Alcohol is a drink made from the fermentation of grains (beer), vegetables (vodka) and fruits (wine) [34323]. The ingredient of ethanol (ethyl alcohol) contained in alcohol is the active ingredient that causes people to feel drunk when alcohol is consumed [34322]. Alcohol acts as a depressant on the central nervous system, slowing down the messages between the brain and the body [23503].

What are the harms to health from alcohol use?

In small amounts, drinking alcohol can make a person feel relaxed and sociable [34322]. Larger amounts of alcohol affect muscle control, balance and decision making. People drinking large amounts of alcohol are more likely to have accidents or falls, get into fights or do things they regret [23503].

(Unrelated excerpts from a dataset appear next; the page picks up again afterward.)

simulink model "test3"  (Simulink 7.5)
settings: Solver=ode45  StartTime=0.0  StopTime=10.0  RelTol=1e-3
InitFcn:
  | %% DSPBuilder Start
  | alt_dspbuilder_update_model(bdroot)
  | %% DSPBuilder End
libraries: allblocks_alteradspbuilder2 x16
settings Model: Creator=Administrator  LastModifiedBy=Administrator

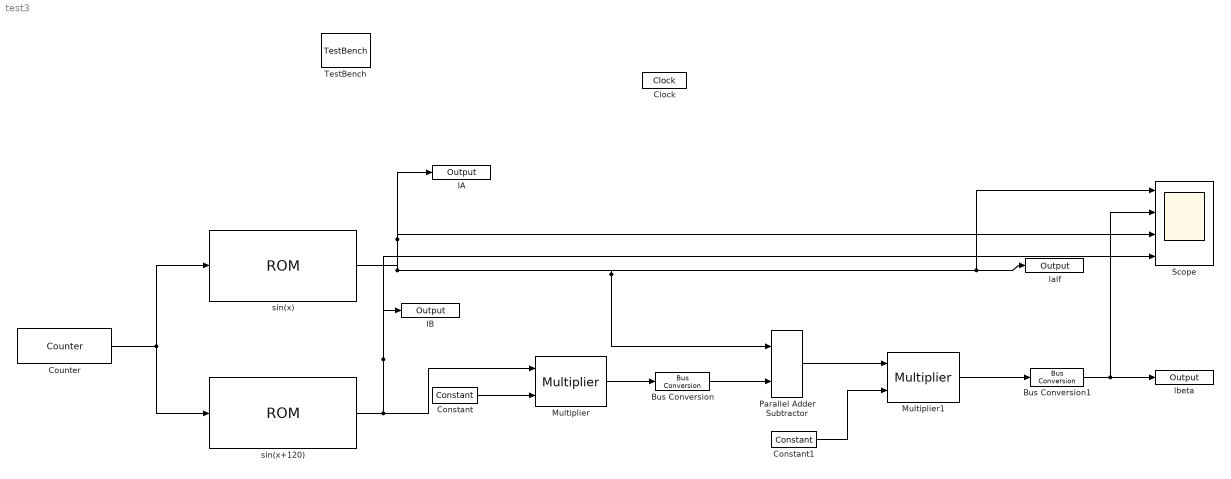
== system test3 ==
  Bus Conversion : allblocks_alteradspbuilder2/Bus Conversion  BusType=Signed Fractional  ibwl=18  ibwr=14  bwl=2  bwr=14  bitToConnectToOutputLSB=3  round=off  saturate=off  pipeline_display=0
  Bus Conversion1 : allblocks_alteradspbuilder2/Bus Conversion  BusType=Signed Fractional  ibwl=4  ibwr=28  bwl=2  bwr=14  bitToConnectToOutputLSB=3  round=off  saturate=off  pipeline_display=0
  Clock : allblocks_alteradspbuilder2/Clock  ClockPeriod=1/10000  ClockPeriodUnit=sec  SampleTime=1/10000  ResetLatency=0  ResetRegisterCascadeDepth=0  SimulationStartCycle=5  PhaseOffset=0  Reset=aclr  ResetType=Active Low  Export=off
  Constant : allblocks_alteradspbuilder2/Constant  mask_cst=2  BusType=Signed Integer  bwl=16  bwr=0  roundMode=Truncate  satMode=Wrap  SpecifyClock=off  allowFloatingPointOverride=on  logOutputs=off  logFile=C:\altera\13.1\quartus\dsp_builder\tb_test3\test3_Constant.fixedpointlog
  Constant1 : allblocks_alteradspbuilder2/Constant  mask_cst=sqrt(1/3)  BusType=Signed Fractional  bwl=2  bwr=14  roundMode=Truncate  satMode=Wrap  SpecifyClock=off  allowFloatingPointOverride=on  logOutputs=off  logFile=C:\altera\13.1\quartus\dsp_builder\tb_test3\test3_Constant1.fixedpointlog
  Counter : allblocks_alteradspbuilder2/Counter  BusType=Unsigned Integer  bwl=12  bwr=0  use_modulo=on  modulo=4096  SpecifyClock=off  direction=Increment  use_sload=off  use_sset=off  svalue=1  use_clk_ena=off  use_ena=off  use_sclr=off  pipeline_display=1
  IA : allblocks_alteradspbuilder2/Output  iofile=C:\altera\13.1\quartus\dsp_builder\tb_test3\test3_IA.capture  BusType=Signed Fractional  bwl=2  bwr=14  externalType=Inferred  PORTTYPE=Output  allowFloatingPointOverride=on  logOutputs=off
  IB : allblocks_alteradspbuilder2/Output  iofile=C:\altera\13.1\quartus\dsp_builder\tb_test3\test3_IB.capture  BusType=Signed Fractional  bwl=2  bwr=14  externalType=Inferred  PORTTYPE=Output  allowFloatingPointOverride=on  logOutputs=off
  Multiplier : allblocks_alteradspbuilder2/Multiplier  BusType=Signed Fractional  bwl=2  bwr=14  pipeline=0  pipeline_display=0  allowFloatingPointOverride=on  logOutputs=off  logFile=C:\altera\13.1\quartus\dsp_builder\tb_test3\test3_Multiplier.fixedpointlog  UseEqualInputWidth=off  bbwl=16  bbwr=0  FullResolution=on  OutputMsb=8  OutputLsb=0  OutputBwl=16  OutputBwr=16  UseDedicatedCircuitry=YES  use_ena=off  use_aclr=off
  Multiplier1 : allblocks_alteradspbuilder2/Multiplier  BusType=Signed Fractional  bwl=2  bwr=14  pipeline=0  pipeline_display=0  allowFloatingPointOverride=on  logOutputs=off  logFile=C:\altera\13.1\quartus\dsp_builder\tb_test3\test3_Multiplier1.fixedpointlog  UseEqualInputWidth=off  bbwl=2  bbwr=14  FullResolution=on  OutputMsb=8  OutputLsb=0  OutputBwl=16  OutputBwr=16  UseDedicatedCircuitry=YES  use_ena=off  use_aclr=off
  Parallel Adder Subtractor : allblocks_alteradspbuilder2/Parallel Adder Subtractor  number_of_inputs=2  direction=++  use_pipeline=on  pipeline_display=1  phase_selection=1  use_ena=off  use_aclr=off  allowFloatingPointOverride=on  logOutputs=off  logFile=C:\altera\13.1\quartus\dsp_builder\tb_test3\test3_Parallel+Adder+Subtractor.fixedpointlog
  Scope : Scope  NumInputPorts=4
      settings: YMin=-1~-1.25~-1~-1  YMax=1~1~1~1
  TestBench : allblocks_alteradspbuilder2/TestBench  enable=on  advancedMode=off  modelSimGui=off  maxDisplayErrors=10  mismatchErrorLevel=Error  simdatafile=C:\altera\13.1\quartus\dsp_builder\tb_test3\test3.simdata.tcl
  lalf : allblocks_alteradspbuilder2/Output  iofile=C:\altera\13.1\quartus\dsp_builder\tb_test3\test3_lalf.capture  BusType=Signed Fractional  bwl=2  bwr=14  externalType=Inferred  PORTTYPE=Output  allowFloatingPointOverride=on  logOutputs=off
  lbeta : allblocks_alteradspbuilder2/Output  iofile=C:\altera\13.1\quartus\dsp_builder\tb_test3\test3_lbeta.capture  BusType=Signed Fractional  bwl=2  bwr=14  externalType=Inferred  PORTTYPE=Output  allowFloatingPointOverride=on  logOutputs=off
  sin(x) : allblocks_alteradspbuilder2/ROM  numwords=4096  BusType=Signed Fractional  bwl=2  bwr=14  memory_type=M9K  ram_type=ROM  initialization=From MATLAB array  init_file=input.hex  init_array=sin([0:2*pi/(2^12):2*pi])  register_outputs=off  use_ena=off  ClockPhase=1  pipeline_display=1  allowFloatingPointOverride=on  logOutputs=off  logFile=C:\altera\13.1\quartus\dsp_builder\tb_test3\test3_sin%28x%29.fixedpointlog  enable_runtime_mod=off  instance_name=AAAA
  sin(x+120) : allblocks_alteradspbuilder2/ROM  numwords=4096  BusType=Signed Fractional  bwl=2  bwr=14  memory_type=M9K  ram_type=ROM  initialization=From MATLAB array  init_file=input.hex  init_array=sin([0:2*pi/(2^12):2*pi]-2*pi/3)  register_outputs=off  use_ena=off  ClockPhase=1  pipeline_display=1  allowFloatingPointOverride=on  logOutputs=off  logFile=C:\altera\13.1\quartus\dsp_builder\tb_test3\test3_sin%28x%2B120%29.fixedpointlog  enable_runtime_mod=off  instance_name=AAAA
  wires:
  Counter/1 -> sin(x)/1, sin(x+120)/1
  sin(x)/1 -> Parallel Adder Subtractor/1, lalf/1, Scope/1, IA/1, Scope/3
  Constant/1 -> Multiplier/2
  Multiplier/1 -> Bus Conversion/1
  Bus Conversion/1 -> Parallel Adder Subtractor/2
  Constant1/1 -> Multiplier1/2
  Parallel Adder Subtractor/1 -> Multiplier1/1
  Multiplier1/1 -> Bus Conversion1/1
  Bus Conversion1/1 -> lbeta/1, Scope/2
  sin(x+120)/1 -> Multiplier/1, IB/1, Scope/4

Over time, regular alcohol use contributes to the risk of serious health problems such as:

  • cancer of the mouth, throat and oesophagus
  • cardiovascular disease (stroke and heart failure)
  • liver disease (such as cirrhosis)
  • cognitive decline and dementia
  • mental health conditions such as anxiety and depression
  • increased problems with diabetes [34321][34320].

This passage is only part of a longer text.